• WHAT IS REQUIRED
Where does the word "centre" show up in the records? Copy every line that has it.

----

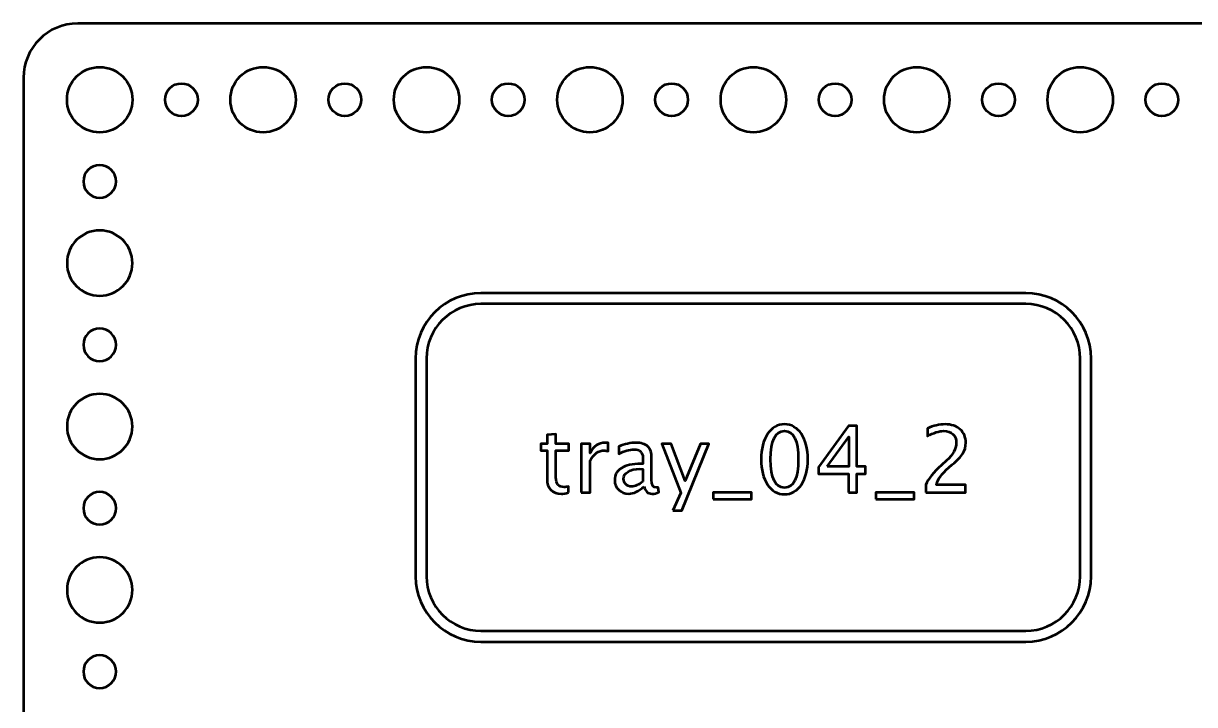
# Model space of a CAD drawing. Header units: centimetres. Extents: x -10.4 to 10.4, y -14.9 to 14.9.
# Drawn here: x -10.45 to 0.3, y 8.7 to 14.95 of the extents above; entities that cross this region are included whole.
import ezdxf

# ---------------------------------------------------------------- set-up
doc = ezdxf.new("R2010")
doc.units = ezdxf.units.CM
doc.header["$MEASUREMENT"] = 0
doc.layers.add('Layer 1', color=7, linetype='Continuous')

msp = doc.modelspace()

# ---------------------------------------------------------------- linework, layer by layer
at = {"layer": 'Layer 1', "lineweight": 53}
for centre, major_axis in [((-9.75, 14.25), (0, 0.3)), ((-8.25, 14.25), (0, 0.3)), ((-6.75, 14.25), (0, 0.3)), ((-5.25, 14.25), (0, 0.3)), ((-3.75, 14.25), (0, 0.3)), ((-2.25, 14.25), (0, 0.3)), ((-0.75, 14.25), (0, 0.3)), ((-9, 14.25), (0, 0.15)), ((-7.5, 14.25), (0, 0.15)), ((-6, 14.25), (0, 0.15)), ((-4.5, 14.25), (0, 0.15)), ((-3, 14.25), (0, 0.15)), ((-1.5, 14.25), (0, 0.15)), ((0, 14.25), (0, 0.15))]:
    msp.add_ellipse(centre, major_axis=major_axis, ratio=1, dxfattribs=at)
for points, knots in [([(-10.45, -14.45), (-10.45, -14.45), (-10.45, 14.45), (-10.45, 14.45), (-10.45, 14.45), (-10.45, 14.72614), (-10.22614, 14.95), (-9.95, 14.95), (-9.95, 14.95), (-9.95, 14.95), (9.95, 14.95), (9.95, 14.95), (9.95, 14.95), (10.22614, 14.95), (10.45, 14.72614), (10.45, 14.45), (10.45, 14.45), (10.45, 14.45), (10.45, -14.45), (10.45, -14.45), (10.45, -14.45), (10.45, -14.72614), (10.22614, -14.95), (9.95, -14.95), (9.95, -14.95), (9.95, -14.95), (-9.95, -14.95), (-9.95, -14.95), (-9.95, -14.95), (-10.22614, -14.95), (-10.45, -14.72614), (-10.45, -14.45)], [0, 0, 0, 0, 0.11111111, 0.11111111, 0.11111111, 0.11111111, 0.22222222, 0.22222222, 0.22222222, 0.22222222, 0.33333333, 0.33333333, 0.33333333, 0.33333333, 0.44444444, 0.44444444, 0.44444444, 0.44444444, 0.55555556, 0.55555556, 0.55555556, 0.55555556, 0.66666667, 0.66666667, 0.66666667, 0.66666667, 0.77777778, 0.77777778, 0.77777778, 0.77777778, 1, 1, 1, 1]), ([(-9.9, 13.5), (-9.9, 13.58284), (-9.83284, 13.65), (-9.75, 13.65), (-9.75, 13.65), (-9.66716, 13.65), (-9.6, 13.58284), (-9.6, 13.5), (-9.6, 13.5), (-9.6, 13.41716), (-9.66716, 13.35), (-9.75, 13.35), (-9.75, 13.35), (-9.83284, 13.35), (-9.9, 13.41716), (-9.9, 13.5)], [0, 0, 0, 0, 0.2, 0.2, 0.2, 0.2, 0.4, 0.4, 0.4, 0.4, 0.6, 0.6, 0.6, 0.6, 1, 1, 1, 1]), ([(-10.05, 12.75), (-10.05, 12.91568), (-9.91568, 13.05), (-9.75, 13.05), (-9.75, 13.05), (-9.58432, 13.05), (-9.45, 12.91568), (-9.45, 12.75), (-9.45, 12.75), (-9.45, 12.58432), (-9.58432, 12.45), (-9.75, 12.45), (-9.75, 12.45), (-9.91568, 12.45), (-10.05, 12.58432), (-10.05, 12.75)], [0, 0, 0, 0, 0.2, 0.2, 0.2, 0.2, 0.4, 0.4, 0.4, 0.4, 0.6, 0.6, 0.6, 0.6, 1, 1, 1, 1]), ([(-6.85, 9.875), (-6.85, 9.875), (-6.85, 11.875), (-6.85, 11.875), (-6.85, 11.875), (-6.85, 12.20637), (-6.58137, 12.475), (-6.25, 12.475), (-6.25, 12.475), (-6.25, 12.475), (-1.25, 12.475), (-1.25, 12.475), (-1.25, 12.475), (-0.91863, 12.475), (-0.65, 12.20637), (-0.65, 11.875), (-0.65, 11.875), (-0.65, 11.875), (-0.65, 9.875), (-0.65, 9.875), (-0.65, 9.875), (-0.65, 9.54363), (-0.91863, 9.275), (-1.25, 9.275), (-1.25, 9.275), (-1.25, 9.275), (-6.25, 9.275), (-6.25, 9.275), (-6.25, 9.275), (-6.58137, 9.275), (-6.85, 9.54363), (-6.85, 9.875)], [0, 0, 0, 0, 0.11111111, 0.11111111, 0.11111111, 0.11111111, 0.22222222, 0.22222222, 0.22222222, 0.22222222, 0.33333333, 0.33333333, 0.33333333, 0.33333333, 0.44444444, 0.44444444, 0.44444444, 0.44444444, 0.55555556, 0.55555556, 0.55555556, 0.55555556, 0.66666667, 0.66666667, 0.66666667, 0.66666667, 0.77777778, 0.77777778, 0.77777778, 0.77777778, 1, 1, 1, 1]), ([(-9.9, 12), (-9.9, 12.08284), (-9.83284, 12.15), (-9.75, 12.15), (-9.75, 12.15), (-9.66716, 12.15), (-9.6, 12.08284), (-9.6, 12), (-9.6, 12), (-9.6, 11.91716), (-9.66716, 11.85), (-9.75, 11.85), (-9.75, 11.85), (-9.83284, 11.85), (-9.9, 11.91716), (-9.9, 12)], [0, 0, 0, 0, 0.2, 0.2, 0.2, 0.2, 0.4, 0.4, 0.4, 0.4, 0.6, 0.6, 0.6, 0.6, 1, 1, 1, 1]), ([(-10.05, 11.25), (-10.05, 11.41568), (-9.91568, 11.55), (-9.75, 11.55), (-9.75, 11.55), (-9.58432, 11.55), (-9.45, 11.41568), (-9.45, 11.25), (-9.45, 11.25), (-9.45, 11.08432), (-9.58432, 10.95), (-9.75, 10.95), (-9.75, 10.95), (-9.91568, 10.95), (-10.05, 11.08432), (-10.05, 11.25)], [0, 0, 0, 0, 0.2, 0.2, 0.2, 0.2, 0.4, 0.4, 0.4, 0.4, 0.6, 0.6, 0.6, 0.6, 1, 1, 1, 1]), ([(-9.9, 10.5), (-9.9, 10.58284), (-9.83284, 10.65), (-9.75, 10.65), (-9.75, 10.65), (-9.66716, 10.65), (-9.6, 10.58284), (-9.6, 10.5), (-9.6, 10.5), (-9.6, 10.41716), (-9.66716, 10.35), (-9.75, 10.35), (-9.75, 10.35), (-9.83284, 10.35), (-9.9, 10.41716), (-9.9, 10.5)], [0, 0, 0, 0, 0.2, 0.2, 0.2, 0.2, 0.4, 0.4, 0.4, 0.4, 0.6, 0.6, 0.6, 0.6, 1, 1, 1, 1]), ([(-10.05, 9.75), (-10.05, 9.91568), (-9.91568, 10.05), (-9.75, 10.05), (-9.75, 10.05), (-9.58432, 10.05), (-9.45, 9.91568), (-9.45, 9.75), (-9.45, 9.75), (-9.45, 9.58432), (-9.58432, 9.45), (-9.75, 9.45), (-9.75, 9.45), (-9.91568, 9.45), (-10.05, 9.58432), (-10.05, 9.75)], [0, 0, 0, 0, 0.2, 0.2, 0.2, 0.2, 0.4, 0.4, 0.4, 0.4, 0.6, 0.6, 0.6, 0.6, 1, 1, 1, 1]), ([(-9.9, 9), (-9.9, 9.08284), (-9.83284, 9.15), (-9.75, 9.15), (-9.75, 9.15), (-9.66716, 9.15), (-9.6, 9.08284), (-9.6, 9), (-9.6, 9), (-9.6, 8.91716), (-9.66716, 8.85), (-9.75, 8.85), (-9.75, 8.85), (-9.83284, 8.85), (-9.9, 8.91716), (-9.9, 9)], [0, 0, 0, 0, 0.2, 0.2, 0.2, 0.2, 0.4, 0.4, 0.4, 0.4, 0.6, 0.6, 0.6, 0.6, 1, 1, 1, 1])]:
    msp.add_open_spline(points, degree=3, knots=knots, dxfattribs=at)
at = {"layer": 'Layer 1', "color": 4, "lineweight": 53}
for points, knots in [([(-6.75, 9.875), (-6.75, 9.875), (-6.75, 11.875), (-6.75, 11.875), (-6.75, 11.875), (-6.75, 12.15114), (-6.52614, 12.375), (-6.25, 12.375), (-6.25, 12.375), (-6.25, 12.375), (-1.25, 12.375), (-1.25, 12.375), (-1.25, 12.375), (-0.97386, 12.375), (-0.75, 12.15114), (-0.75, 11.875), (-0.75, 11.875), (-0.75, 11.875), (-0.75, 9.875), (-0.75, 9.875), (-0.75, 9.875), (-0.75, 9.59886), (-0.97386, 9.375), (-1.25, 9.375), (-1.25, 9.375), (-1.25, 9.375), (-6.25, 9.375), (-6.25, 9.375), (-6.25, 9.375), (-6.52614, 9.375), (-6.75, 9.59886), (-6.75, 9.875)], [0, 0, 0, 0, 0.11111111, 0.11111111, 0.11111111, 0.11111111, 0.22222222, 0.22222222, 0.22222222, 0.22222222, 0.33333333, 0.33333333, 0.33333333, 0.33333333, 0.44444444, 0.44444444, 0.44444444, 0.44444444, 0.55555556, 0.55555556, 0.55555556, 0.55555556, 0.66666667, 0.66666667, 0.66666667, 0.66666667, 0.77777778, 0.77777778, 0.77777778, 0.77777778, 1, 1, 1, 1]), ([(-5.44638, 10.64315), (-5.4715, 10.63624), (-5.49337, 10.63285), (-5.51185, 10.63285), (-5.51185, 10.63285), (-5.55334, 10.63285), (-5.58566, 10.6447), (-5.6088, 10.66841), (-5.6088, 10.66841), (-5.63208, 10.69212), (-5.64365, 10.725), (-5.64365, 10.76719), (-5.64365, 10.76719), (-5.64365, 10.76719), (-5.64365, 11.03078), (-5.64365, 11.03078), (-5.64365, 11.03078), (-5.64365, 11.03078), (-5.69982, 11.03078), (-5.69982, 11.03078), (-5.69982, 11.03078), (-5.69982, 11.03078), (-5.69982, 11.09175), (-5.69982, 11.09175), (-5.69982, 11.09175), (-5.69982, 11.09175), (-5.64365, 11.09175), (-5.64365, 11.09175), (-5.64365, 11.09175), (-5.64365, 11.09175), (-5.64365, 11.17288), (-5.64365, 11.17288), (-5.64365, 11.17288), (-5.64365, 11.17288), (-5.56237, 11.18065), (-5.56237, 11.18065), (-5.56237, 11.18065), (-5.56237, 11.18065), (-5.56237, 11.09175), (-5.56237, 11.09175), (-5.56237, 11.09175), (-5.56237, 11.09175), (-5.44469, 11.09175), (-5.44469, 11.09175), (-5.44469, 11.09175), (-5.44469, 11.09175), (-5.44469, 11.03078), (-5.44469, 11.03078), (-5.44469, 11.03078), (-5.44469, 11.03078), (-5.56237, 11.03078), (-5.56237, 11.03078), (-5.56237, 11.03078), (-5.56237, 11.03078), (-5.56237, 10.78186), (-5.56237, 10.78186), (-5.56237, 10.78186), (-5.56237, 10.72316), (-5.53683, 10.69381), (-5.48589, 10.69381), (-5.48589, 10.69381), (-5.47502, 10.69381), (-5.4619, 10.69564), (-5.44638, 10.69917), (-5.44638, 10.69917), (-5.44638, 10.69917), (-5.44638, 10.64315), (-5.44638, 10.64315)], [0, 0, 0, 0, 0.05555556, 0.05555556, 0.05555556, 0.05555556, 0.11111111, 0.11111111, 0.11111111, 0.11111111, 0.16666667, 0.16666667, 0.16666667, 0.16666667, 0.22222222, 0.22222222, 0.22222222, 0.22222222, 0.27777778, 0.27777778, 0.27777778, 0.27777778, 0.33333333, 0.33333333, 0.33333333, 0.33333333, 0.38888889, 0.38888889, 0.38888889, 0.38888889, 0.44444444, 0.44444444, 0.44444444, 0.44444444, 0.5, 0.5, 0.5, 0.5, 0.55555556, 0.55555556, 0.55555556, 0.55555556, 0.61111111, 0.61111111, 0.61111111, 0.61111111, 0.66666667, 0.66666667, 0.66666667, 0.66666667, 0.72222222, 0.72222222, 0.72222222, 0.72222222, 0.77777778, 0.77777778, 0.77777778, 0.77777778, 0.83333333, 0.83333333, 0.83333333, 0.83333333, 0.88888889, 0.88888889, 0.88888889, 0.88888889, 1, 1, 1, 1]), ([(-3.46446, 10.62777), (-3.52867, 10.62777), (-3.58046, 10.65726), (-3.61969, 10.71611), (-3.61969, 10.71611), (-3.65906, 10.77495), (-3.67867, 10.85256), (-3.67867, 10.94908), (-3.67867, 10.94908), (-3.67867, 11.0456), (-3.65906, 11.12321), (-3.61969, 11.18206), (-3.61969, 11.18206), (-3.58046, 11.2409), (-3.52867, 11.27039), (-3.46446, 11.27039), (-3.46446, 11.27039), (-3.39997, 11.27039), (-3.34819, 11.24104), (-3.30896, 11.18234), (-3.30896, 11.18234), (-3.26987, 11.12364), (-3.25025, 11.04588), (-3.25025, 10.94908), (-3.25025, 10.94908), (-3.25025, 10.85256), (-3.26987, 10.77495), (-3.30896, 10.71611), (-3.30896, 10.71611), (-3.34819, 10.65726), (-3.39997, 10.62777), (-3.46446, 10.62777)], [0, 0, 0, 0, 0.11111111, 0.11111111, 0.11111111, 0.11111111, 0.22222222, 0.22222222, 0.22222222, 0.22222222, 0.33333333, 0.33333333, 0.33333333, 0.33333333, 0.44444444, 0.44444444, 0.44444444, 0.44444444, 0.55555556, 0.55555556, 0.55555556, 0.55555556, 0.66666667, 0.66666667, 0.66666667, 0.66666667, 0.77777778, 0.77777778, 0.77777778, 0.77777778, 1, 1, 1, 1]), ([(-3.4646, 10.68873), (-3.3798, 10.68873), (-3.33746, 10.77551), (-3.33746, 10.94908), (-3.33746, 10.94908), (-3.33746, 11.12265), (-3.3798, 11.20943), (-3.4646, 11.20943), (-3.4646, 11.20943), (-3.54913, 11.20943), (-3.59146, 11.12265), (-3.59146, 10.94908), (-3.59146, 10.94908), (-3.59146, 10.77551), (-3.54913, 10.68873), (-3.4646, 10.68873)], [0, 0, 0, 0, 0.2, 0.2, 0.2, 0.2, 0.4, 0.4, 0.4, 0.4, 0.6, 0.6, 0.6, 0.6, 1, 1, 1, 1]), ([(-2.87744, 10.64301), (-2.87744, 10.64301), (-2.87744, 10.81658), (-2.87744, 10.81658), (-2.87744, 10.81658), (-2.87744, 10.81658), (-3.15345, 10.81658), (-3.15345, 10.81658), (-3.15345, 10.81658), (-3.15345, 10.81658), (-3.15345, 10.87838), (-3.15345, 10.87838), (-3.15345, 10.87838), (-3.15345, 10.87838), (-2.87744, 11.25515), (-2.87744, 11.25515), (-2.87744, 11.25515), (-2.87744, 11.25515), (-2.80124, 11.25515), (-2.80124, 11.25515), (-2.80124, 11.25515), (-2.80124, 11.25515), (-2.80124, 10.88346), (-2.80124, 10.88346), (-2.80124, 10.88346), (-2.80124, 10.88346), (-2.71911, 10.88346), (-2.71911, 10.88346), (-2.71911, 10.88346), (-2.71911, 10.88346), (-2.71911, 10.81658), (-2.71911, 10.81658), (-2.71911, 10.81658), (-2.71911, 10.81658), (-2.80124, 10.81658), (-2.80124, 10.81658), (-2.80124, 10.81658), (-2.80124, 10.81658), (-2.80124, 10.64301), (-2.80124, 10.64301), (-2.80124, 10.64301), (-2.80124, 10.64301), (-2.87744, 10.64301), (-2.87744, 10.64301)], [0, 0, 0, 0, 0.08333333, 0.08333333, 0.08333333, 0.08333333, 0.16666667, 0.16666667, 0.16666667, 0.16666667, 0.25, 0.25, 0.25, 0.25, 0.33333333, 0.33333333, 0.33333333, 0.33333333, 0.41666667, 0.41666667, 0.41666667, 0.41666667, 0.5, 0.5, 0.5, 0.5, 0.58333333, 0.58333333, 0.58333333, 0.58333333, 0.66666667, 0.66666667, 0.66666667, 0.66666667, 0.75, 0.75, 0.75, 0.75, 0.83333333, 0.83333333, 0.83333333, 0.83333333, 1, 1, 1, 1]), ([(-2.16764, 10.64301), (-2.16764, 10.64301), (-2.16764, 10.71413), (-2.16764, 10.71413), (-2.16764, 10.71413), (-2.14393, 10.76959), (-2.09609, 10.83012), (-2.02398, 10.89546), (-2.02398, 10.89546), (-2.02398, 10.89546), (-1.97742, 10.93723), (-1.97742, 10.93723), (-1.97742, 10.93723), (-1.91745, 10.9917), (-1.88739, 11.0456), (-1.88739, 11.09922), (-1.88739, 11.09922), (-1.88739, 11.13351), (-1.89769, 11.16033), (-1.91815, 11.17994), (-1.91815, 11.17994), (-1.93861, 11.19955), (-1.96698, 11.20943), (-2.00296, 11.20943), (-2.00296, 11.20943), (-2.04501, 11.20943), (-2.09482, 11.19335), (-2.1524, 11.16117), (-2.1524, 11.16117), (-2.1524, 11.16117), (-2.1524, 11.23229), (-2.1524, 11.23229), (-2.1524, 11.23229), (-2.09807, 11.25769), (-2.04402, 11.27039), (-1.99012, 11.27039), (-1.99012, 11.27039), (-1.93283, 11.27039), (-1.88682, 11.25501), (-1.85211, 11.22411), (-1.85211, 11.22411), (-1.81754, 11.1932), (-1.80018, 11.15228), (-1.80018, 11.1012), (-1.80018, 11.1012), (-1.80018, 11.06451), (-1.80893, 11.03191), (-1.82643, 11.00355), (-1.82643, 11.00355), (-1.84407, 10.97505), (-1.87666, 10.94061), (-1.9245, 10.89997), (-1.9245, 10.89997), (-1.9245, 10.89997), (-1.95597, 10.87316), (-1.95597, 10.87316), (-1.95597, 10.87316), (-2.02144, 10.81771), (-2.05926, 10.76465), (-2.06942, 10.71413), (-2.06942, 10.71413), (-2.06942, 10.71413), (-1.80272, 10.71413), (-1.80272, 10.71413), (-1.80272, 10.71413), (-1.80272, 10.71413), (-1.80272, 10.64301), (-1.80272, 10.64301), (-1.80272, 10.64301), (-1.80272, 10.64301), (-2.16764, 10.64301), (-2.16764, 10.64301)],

----

• PROBLEM SOLUTION
for centre, major_axis in [((-9.75, 14.25), (0, 0.3)), ((-8.25, 14.25), (0, 0.3)), ((-6.75, 14.25), (0, 0.3)), ((-5.25, 14.25), (0, 0.3)), ((-3.75, 14.25), (0, 0.3)), ((-2.25, 14.25), (0, 0.3)), ((-0.75, 14.25), (0, 0.3)), ((-9, 14.25), (0, 0.15)), ((-7.5, 14.25), (0, 0.15)), ((-6, 14.25), (0, 0.15)), ((-4.5, 14.25), (0, 0.15)), ((-3, 14.25), (0, 0.15)), ((-1.5, 14.25), (0, 0.15)), ((0, 14.25), (0, 0.15))]:
    msp.add_ellipse(centre, major_axis=major_axis, ratio=1, dxfattribs=at)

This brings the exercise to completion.